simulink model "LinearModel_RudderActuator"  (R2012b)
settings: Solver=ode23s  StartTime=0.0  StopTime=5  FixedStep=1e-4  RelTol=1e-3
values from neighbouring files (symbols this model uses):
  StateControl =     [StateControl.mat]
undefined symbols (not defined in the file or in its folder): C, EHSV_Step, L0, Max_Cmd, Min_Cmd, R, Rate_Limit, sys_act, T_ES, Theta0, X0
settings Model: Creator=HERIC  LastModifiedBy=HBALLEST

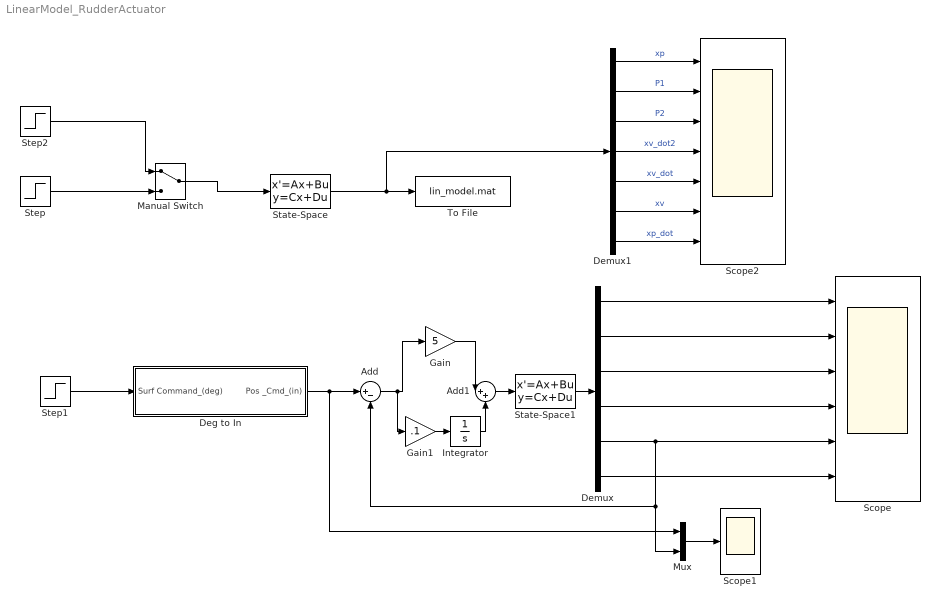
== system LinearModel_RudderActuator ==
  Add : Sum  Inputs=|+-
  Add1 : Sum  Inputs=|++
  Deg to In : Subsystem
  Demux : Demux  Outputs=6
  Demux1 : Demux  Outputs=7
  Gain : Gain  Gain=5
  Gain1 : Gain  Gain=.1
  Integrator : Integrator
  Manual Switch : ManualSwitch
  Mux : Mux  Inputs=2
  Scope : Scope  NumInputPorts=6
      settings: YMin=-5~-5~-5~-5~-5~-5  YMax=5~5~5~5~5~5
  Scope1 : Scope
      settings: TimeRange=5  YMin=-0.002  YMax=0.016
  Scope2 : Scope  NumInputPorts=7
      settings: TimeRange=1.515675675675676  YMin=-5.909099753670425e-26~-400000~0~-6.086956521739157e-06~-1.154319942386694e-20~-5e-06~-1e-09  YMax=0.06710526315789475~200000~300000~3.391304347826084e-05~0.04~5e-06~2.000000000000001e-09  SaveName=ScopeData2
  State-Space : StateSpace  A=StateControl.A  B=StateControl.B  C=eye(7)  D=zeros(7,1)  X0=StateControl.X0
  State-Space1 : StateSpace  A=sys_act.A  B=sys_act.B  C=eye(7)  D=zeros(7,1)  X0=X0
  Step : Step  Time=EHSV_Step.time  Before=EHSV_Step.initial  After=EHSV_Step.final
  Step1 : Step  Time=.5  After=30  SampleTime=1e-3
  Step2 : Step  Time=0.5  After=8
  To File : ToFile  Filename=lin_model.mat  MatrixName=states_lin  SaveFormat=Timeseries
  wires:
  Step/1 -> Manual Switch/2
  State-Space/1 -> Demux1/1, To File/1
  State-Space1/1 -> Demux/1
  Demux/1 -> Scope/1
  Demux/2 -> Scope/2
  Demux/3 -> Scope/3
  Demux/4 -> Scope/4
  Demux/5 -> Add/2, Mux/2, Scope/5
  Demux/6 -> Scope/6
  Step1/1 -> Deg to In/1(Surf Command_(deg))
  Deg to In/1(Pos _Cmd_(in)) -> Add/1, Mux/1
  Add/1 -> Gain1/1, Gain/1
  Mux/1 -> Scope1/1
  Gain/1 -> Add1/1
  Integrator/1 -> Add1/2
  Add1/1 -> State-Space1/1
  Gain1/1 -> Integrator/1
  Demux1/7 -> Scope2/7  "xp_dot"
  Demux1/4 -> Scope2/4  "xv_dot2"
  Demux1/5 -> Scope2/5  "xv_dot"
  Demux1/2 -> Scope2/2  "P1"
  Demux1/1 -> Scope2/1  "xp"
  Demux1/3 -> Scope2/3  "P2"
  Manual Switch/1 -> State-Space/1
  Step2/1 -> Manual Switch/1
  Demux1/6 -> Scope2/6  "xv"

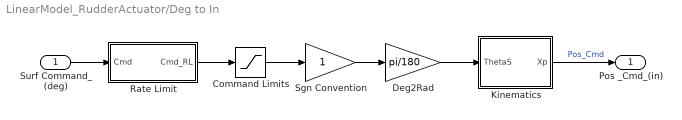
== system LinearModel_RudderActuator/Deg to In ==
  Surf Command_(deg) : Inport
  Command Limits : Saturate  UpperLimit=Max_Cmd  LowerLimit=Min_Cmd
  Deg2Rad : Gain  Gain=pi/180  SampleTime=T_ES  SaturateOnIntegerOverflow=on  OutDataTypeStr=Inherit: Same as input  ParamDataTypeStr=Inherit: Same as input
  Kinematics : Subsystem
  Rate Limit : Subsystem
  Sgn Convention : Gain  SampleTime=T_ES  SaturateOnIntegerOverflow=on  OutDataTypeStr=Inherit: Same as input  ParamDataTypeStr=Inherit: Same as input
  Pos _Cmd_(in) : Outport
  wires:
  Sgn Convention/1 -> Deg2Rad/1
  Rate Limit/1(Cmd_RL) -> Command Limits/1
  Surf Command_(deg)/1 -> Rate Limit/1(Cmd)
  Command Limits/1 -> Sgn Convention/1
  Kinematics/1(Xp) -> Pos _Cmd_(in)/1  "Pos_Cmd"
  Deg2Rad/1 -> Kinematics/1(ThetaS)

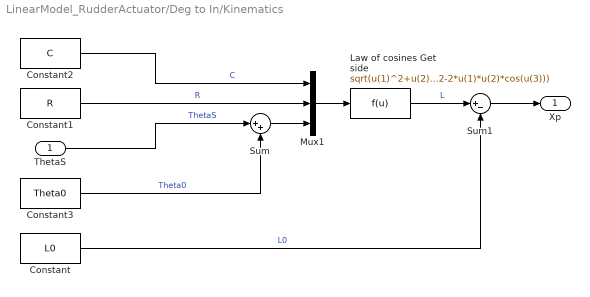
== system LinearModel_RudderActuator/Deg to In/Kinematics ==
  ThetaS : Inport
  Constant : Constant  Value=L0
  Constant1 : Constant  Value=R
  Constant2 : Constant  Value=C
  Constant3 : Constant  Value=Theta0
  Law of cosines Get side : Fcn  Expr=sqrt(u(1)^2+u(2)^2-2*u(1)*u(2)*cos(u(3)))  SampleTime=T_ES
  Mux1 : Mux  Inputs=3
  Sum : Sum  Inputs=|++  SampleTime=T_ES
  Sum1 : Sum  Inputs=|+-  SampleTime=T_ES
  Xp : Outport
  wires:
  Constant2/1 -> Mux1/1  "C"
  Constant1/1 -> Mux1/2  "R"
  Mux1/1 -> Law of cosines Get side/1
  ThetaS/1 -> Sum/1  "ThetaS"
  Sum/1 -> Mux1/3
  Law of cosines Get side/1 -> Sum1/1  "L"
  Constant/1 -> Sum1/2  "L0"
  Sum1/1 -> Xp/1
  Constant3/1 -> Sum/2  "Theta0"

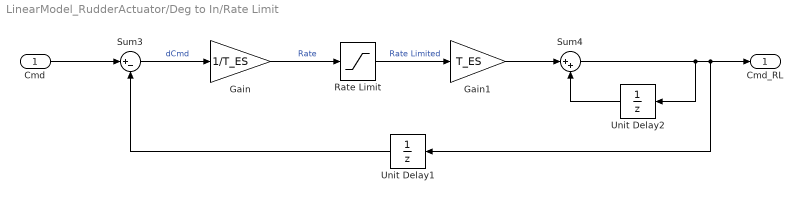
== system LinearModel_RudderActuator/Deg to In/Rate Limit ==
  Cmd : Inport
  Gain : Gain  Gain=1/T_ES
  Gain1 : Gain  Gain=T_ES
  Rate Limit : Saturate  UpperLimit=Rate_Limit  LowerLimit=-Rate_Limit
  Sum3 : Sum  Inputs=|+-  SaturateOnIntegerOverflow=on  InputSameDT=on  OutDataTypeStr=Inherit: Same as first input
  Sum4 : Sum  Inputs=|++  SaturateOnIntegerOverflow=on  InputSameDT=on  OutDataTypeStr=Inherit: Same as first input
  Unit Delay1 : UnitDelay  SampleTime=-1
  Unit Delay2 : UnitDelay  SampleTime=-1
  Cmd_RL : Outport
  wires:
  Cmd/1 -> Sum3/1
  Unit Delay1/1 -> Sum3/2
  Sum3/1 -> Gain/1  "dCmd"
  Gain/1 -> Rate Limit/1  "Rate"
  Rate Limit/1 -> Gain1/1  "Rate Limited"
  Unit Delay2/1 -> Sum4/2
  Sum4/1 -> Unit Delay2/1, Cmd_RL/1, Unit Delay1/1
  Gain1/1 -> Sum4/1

Problem requirements
For the material, find the number of lines holding the word "Inport" and give that figure and nothing more.

Response to the task
3